Well, a year is gone, and where did it go? It’s been a crazy year, but an interesting one. I almost wish that I could go back and do it over again, because I made many mistakes this year. Although, if it was possible, I’m not so sure that I wouldn’t make the exact same mistakes. I accomplished little this year, in preparing for my future, that is. The bad thing is that I had the chance to do alot, and I missed it. That was the biggest mistake of all. The question now is: will I do the same thing this year?
It is not my intention to do so, but the road to hell is paved with good intentions.
Here is how I’m going to make this year better:
- Get my sleep under control. I need to go to sleep earlier, and get up earlier. I think this is really the basis of all my problems. I can’t remember the last time I got a good nights sleep (outside of the hospital).
- Get my eating habits better. I need to eat healthier and more often.
- Get back to going to the gym. This is connected to number 1 because I stopped going to the gym because of my sleep. I can do better than that. I will follow the plan the doctor gave me.
- Actually read the books about social anxiety that I’ve bought. I need to learn more about it, because even though I’m better than I was at the end of September, there is still a long road ahead of me.
- Dedicate time each evening to the following things: writing in my journal, sketching out drawings in my sketch journal, programming and playing the euphonium. I need to do these things to keep my creativity flowing.
- Paint something at least once a month.
- Keep my apartment in a half decent state.

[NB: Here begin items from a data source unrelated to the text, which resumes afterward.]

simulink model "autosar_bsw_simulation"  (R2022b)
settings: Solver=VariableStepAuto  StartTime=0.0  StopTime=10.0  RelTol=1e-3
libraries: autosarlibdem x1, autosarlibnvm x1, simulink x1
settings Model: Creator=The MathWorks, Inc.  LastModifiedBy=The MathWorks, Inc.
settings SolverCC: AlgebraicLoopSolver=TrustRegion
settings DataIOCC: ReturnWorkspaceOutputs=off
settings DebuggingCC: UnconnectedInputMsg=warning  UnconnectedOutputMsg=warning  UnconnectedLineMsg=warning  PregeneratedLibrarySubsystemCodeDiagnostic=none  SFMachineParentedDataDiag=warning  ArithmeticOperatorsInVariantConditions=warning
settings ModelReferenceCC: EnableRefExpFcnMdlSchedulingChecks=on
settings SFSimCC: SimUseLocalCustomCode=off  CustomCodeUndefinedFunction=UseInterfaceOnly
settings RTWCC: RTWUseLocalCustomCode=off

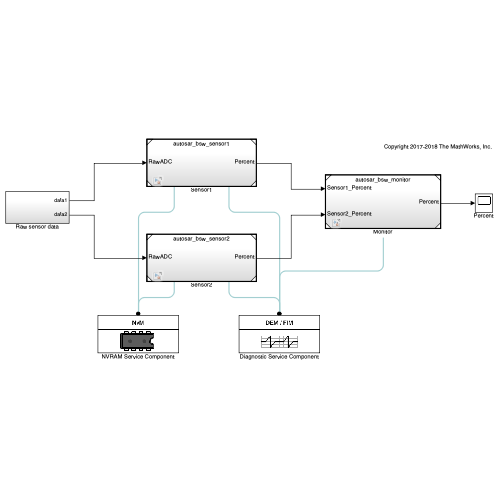
[thumbnail: Simulink's stored preview of the top-level diagram]
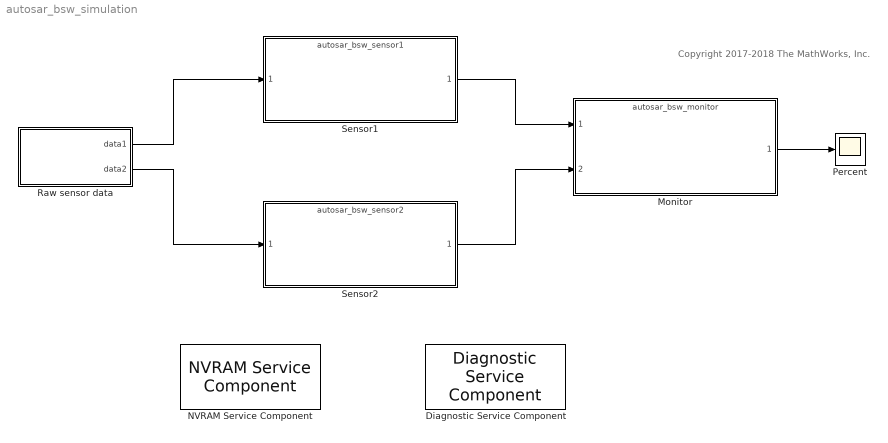
== system autosar_bsw_simulation ==
  note: Copyright 2017-2018 The MathWorks, Inc.
  Diagnostic Service Component : autosarlibdem/Diagnostic Service Component  ClientPortNames={'S1StuckHigh', 'S1StuckLow', 'S2StuckHigh', 'S2StuckLow', 'TPS', 'TPS1StuckHigh', 'TPS1StuckLow', 'TPS2StuckHigh', 'TPS2StuckLow'}  ClientPortPortDefinedArguments={'1', '2', '3', '4', '5', '1', '2', '3', '4'}  MaxEventId=10  MaxFID=10  DemDebounceCounterIncrementStepSize=1  DemDebounceCounterDecrementStepSize=1  DemDebounceCounterFailedThreshold=2  DemDebounceCounterPassedThreshold=-1  InhibitionMatrix=zeros(11,'uint8')  EnableConditionIndexes=zeros(257,'uint8')  StorageConditionIndexes=zeros(257,'uint8')
  Monitor : ModelReference  ModelNameDialog=autosar_bsw_monitor.slx  SimulationMode=Normal  ModelReferenceVersion=7.0
  NVRAM Service Component : autosarlibnvm/NVRAM Service Component  ClientPortNames={'S1LowSetPoint', 'S2LowSetPoint'}  ClientPortPortDefinedArguments={'1', '2'}  MaxBlockId=10  NvInitValues={'0'}
  Percent : Scope
  Raw sensor data : Subsystem
  Sensor1 : ModelReference  ModelNameDialog=autosar_bsw_sensor1.slx  SimulationMode=Normal  ModelReferenceVersion=7.0
  Sensor2 : ModelReference  ModelNameDialog=autosar_bsw_sensor2.slx  SimulationMode=Normal  ModelReferenceVersion=7.0
  wires:
  Monitor/1 -> Percent/1
  Sensor2/1 -> Monitor/2
  Sensor1/1 -> Monitor/1
  Raw sensor data/1(data1) -> Sensor1/1
  Raw sensor data/2(data2) -> Sensor2/1

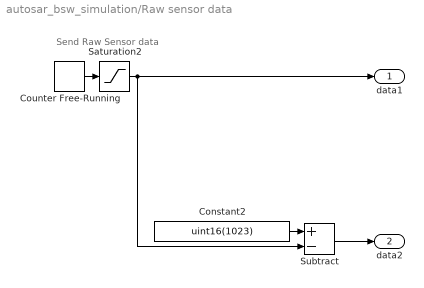
== system autosar_bsw_simulation/Raw sensor data ==
  note: Send Raw Sensor data
  Constant2 : Constant  Value=uint16(1023)
  Counter Free-Running : simulink/Sources/Counter Free-Running  NumBits=16  tsamp=.005
  Saturation2 : Saturate  UpperLimit=1023  LowerLimit=0  LinearizeAsGain=off  ZeroCross=off  OutDataTypeStr=uint16
  Subtract : Sum  Inputs=+-
  data1 : Outport  VectorParamsAs1DForOutWhenUnconnected=off
  data2 : Outport  Port=2  VectorParamsAs1DForOutWhenUnconnected=off
  wires:
  Constant2/1 -> Subtract/1
  Counter Free-Running/1 -> Saturation2/1
  Subtract/1 -> data2/1
  Saturation2/1 -> data1/1, Subtract/2

- Keep my dream journal religiously
There area other things I need to do, and other goals I have, but they are not for writing about in a public forum. These are simple things that I do have the capability of doing; I just need to do them.
I should probably add something about getting out and meeting new people, but that will be something I just have to play by ear. During the week, I’m not going to have much free time, and unless I get my sleep habits under control this will all be pointless.
Sleep – it really does come down to that, I think. If I can just get that under control…
In other news, I played an awesome game of Rummy with Tara tonight. We actually played every single card in the deck! That’s never happened to either one of us before, and it was really fun. Intense too. I’m so lucky to have her as a friend.
Well, I guess that’s all for now.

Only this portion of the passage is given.